【第3陣D】寒い日本で~広島(平和構築・歴史文化)コース

2016年12月7日から15日の9日間にわたり、大洋州8ヶ国から大学生と引率者の計26名が来日しました。「平和構築・歴史文化」をテーマに、広島県および東京都内で多様な日本の姿に触れ、多くの学びと経験を得たコースとなりました。

都内でのオリエンテーションを終えてから新幹線で広島へ移動。初めての新幹線に、車窓から見える、雪化粧をした富士山、見るものすべてが新鮮に映ったようです。
広島ではまず宮島厳島神社を訪問。大きな鳥居と朱色の本殿を拝観、その建築に日本の神道文化を感じたからか、神道と仏教の違いについての質問も出ました。その後は宮島伝統産業会館でもみじ饅頭づくりを体験するなどしました。ちょうどもみじが真っ赤に紅葉する時期とあって、学生たちは出来上がったもみじ饅頭を手に満足顔でした。
翌日には広島平和記念資料館、平和記念公園を見学し、被爆者の方の講話をお聞きする機会に恵まれました。原爆の悲惨さを物語る展示物に言葉を失い見入る学生たち、被爆者の方のお話にも真剣に耳を傾けていました。その後、自分にとっての平和を考えるワークショップに参加し、日本の大学生とも活発な意見交換が行われました。教科書でしか知らなかった原爆の実態を知り、今の自分たちの生活と照らし合わせて「平和」についてより身近に考える機会となったのではないでしょうか。

また、広島県では安芸太田町にてホームステイを実施しました。最初は緊張した面持ちだった学生たちですが、お好み焼きづくりや餅つき、スキー場見学などの企画をホストファミリーと経験する中で言葉の壁も見事に乗り越え、あっという間の楽しい2泊3日を過ごしたようです。「日本に家族ができた」「いつか私の国にも来てほしい」と、再会を約束してのお別れとなりました。その後、安芸太田町にある広島県立加計高校を訪問。地元の高校生とけん玉や折り紙を通して交流しました。 
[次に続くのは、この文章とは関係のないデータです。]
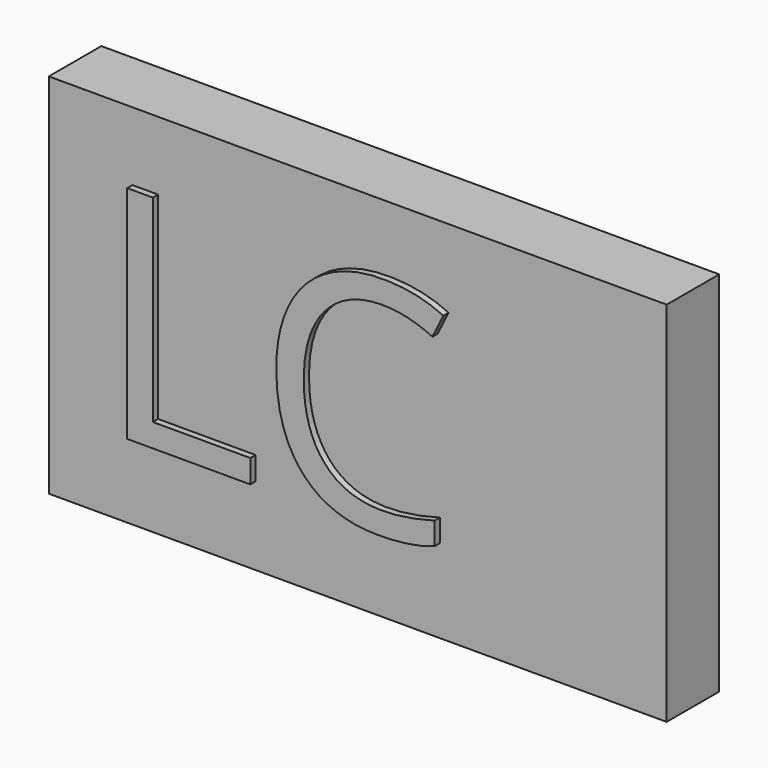
from build123d import *

# Parameters (mm, degrees)
F0_W         = 94.1131487489
F0_H         = 55.9516921639
F1_DEPTH     = 10
F2_TEXT_SIZE = 47.106079809
F3_DEPTH     = 1


# Not quite as in the source:
# - Text() gives the source's letters only with a copy of the font that has no kerning and outlines rounded to 1/6400 em; it was checked with that copy


with BuildPart() as f1:
    # F0 (on Front) → F1 (new body)
    with BuildSketch(Plane.XZ):
        with Locations((47.0565743744, 27.975846082)):
            Rectangle(F0_W, F0_H)
    extrude(amount=F1_DEPTH)

    # F2 (on face) → F3 (join)
    with BuildSketch(Plane.XZ.offset(10)):
        with Locations((8.1239640713, 11.8911927566)):
            Text('LC', F2_TEXT_SIZE, font='Open Sans', text_align=(TextAlign.LEFT, TextAlign.BOTTOM))
    extrude(amount=F3_DEPTH)


solid = f1.part
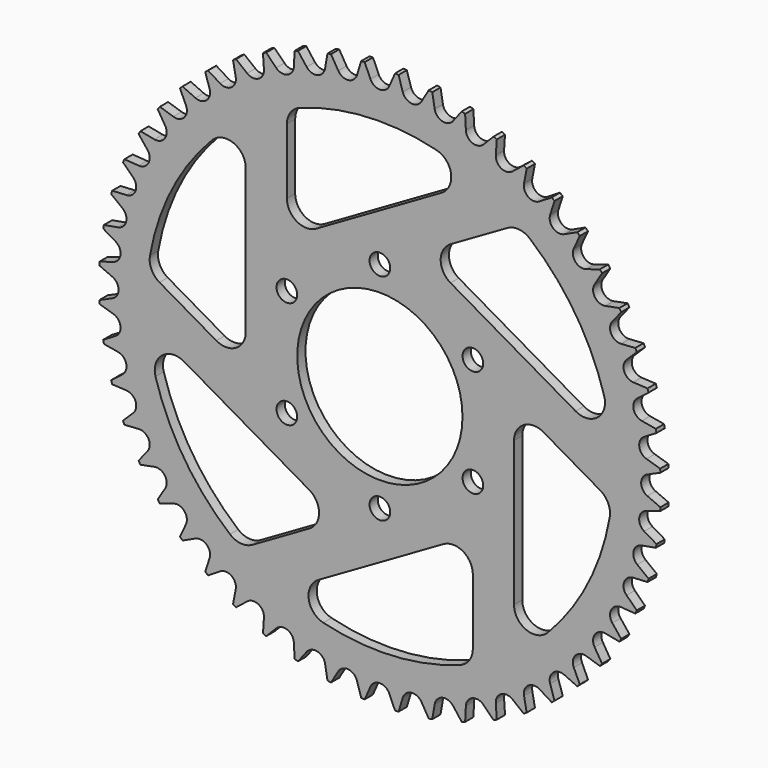
from build123d import *

# Parameters (mm, degrees)
F0_R            = 40
F0_R_2          = 5
F1_DEPTH        = 2.5
F2_DEPTH        = 12.5
F2_COPIES_COUNT = 6
F3_DEPTH        = 12.5
F3_COPIES_COUNT = 6
F4_DEPTH        = 12.5
F4_COPIES_COUNT = 52


# Not quite as in the source:
# - a pattern or mirror of a feature is missing from the dataset's text; its kind, count and spacing are read off the source's solid


with BuildPart() as f1:
    # F0 (on Front) → F1 (new body, symmetric)
    with BuildSketch(Plane.XZ):
        with BuildLine():
            Line((4.5765573956, -129.4862665507), (7.3550920645, -135.8009669359))
            ThreePointArc((7.3550920645, -135.8009669359), (0, 136), (-7.3550920645, -135.8009669359))
            Line((-7.3550920645, -135.8009669359), (-4.5765573956, -129.4862665507))
            ThreePointArc((-4.5765573956, -129.4862665507), (0, -126.5), (4.5765573956, -129.4862665507))
        make_face()
        with BuildLine():
            ThreePointArc((-30.75, 57.227241336), (-40.25, 57.227241336), (-45, 65.4544826719))
            Line((-45, 65.4544826719), (-45, 97.2213968219))
            ThreePointArc((-45, 97.2213968219), (-43.2847708383, 102.6663341948), (-38.7584541063, 106.1450999118))
            ThreePointArc((-38.7584541063, 106.1450999118), (-5.9596298031, 112.8427348685), (27.362218029, 109.6371699039))
            ThreePointArc((27.362218029, 109.6371699039), (34.4695521589, 101.740955732), (29.8118545664, 92.1926443725))
            Line((29.8118545664, 92.1926443725), (-30.75, 57.227241336))
        make_face(mode=Mode.SUBTRACT)
        Circle(F0_R, mode=Mode.SUBTRACT)
        with Locations((0, 52)):
            Circle(F0_R_2, mode=Mode.SUBTRACT)
        with BuildLine():
            Line((-45, 97.2213968219), (-45, 65.4544826719))
            ThreePointArc((-45, 65.4544826719), (-40.25, 57.227241336), (-30.75, 57.227241336))
            Line((-30.75, 57.227241336), (29.8118545664, 92.1926443725))
            ThreePointArc((29.8118545664, 92.1926443725), (34.4695521589, 101.740955732), (27.362218029, 109.6371699039))
            ThreePointArc((27.362218029, 109.6371699039), (-5.9596298031, 112.8427348685), (-38.7584541063, 106.1450999118))
            ThreePointArc((-38.7584541063, 106.1450999118), (-43.2847708383, 102.6663341948), (-45, 97.2213968219))
        make_face()
        with BuildLine():
            Line((7.4426687087, -136), (7.3550920645, -135.8009669359))
            Line((7.3550920645, -135.8009669359), (4.5765573956, -129.4862665507))
            ThreePointArc((4.5765573956, -129.4862665507), (0, -126.5), (-4.5765573956, -129.4862665507))
            Line((-4.5765573956, -129.4862665507), (-7.3550920645, -135.8009669359))
            Line((-7.3550920645, -135.8009669359), (-7.4426687087, -136))
            Line((-7.4426687087, -136), (7.4426687087, -136))
        make_face()
        with Locations((0, 52)):
            Circle(F0_R_2)
    extrude(amount=F1_DEPTH, both=True)

    # F0 (on Front) → F2 (cut, symmetric)
    with BuildSketch(Plane.XZ):
        with BuildLine():
            Line((-45, 97.2213968219), (-45, 65.4544826719))
            ThreePointArc((-45, 65.4544826719), (-40.25, 57.227241336), (-30.75, 57.227241336))
            Line((-30.75, 57.227241336), (29.8118545664, 92.1926443725))
            ThreePointArc((29.8118545664, 92.1926443725), (34.4695521589, 101.740955732), (27.362218029, 109.6371699039))
            ThreePointArc((27.362218029, 109.6371699039), (-5.9596298031, 112.8427348685), (-38.7584541063, 106.1450999118))
            ThreePointArc((-38.7584541063, 106.1450999118), (-43.2847708383, 102.6663341948), (-45, 97.2213968219))
        make_face()
    f2 = extrude(amount=F2_DEPTH, both=True, mode=Mode.SUBTRACT)

    # F2_copies: F2 ×6 about axis
    f2_copies_axis = Axis((0, 0, 0), (0, 1, 0))
    for i in range(1, F2_COPIES_COUNT):
        add(f2.rotate(f2_copies_axis, i * 360 / F2_COPIES_COUNT), mode=Mode.SUBTRACT)

    # F0 (on Front) → F3 (cut, symmetric)
    with BuildSketch(Plane.XZ):
        with Locations((0, 52)):
            Circle(F0_R_2)
    f3 = extrude(amount=F3_DEPTH, both=True, mode=Mode.SUBTRACT)

    # F3_copies: F3 ×6 about axis
    f3_copies_axis = Axis((0, 0, 0), (0, 1, 0))
    for i in range(1, F3_COPIES_COUNT):
        add(f3.rotate(f3_copies_axis, i * 360 / F3_COPIES_COUNT), mode=Mode.SUBTRACT)

    # F0 (on Front) → F4 (cut, symmetric)
    with BuildSketch(Plane.XZ):
        with BuildLine():
            Line((7.4426687087, -136), (7.3550920645, -135.8009669359))
            Line((7.3550920645, -135.8009669359), (4.5765573956, -129.4862665507))
            ThreePointArc((4.5765573956, -129.4862665507), (0, -126.5), (-4.5765573956, -129.4862665507))
            Line((-4.5765573956, -129.4862665507), (-7.3550920645, -135.8009669359))
            Line((-7.3550920645, -135.8009669359), (-7.4426687087, -136))
            Line((-7.4426687087, -136), (7.4426687087, -136))
        make_face()
    f4 = extrude(amount=F4_DEPTH, both=True, mode=Mode.SUBTRACT)

    # F4_copies: F4 ×52 about axis
    f4_copies_axis = Axis((0, 0, 0), (0, 1, 0))
    for i in range(1, F4_COPIES_COUNT):
        add(f4.rotate(f4_copies_axis, i * 360 / F4_COPIES_COUNT), mode=Mode.SUBTRACT)


solid = f1.part
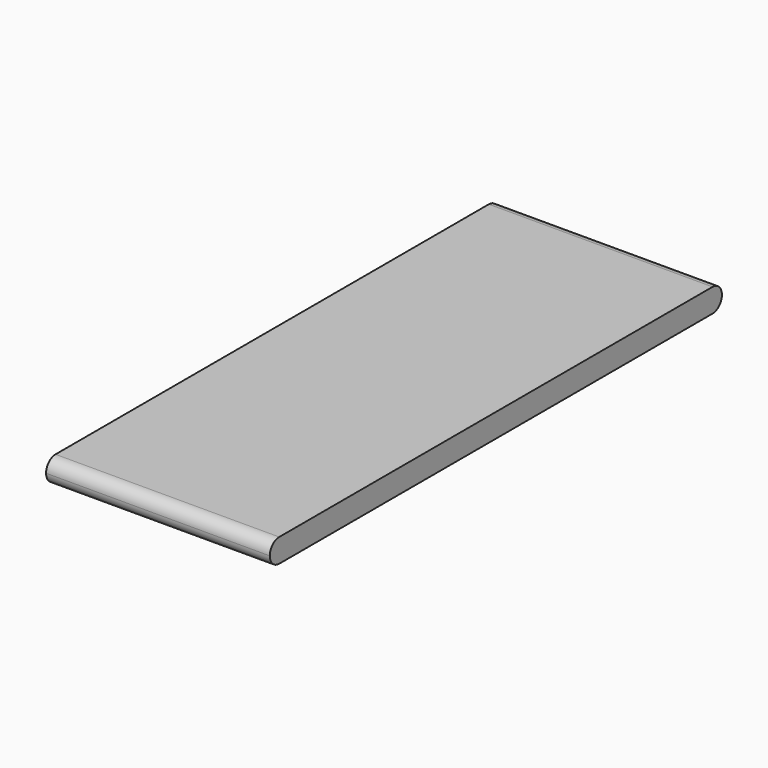
from build123d import *

# Parameters (mm, degrees)
F0_W     = 1219.2
F0_H     = 50.8
F1_DEPTH = 241.3
F2_R     = 25.39999


# Not quite as in the source:
# - a fillet or chamfer is up to 0.001 mm smaller than in the source, because OpenCascade refuses the exact size


with BuildPart() as f1:
    # F0 (on Right) → F1 (new body, symmetric)
    with BuildSketch(Plane.YZ):
        Rectangle(F0_W, F0_H)
    extrude(amount=F1_DEPTH, both=True)

    # F2 (radius 25.4 in the source; OpenCascade refuses exactly that, so slightly less here)
    f2_edges = [f1.edges().sort_by_distance(p)[0] for p in [
        (0, -609.6, 25.4),
        (0, -609.6, -25.4),
        (0, 609.6, -25.4),
        (0, 609.6, 25.4),
    ]]
    fillet(f2_edges, radius=F2_R)


solid = f1.part

東京に戻ってからはお台場を散策して日本のポップカルチャーを体感、江戸東京博物館では東京の歴史や文化について学びました。


もみじ饅頭作り体験


ホストファミリーと


加計高校でのパフォーマンス

 帰国前の報告会では、平和についての気づきや安芸太田町で出会った方々の温かさについて、今後この経験をどうやって周りの人たちに伝えていくかのアクションプランを中心に発表が進められました。学生たちはプログラムの途中途中で、すでに積極的にSNSを活用して日本のことを発信しており、今後も引き続き日本での経験を発信していくとともにホストファミリーとの交流や情報交換に役立てていくようです。ぜひ母国の歴史文化等も日本に発信し、大洋州の国々と日本の距離を近づける存在になってほしいと思います。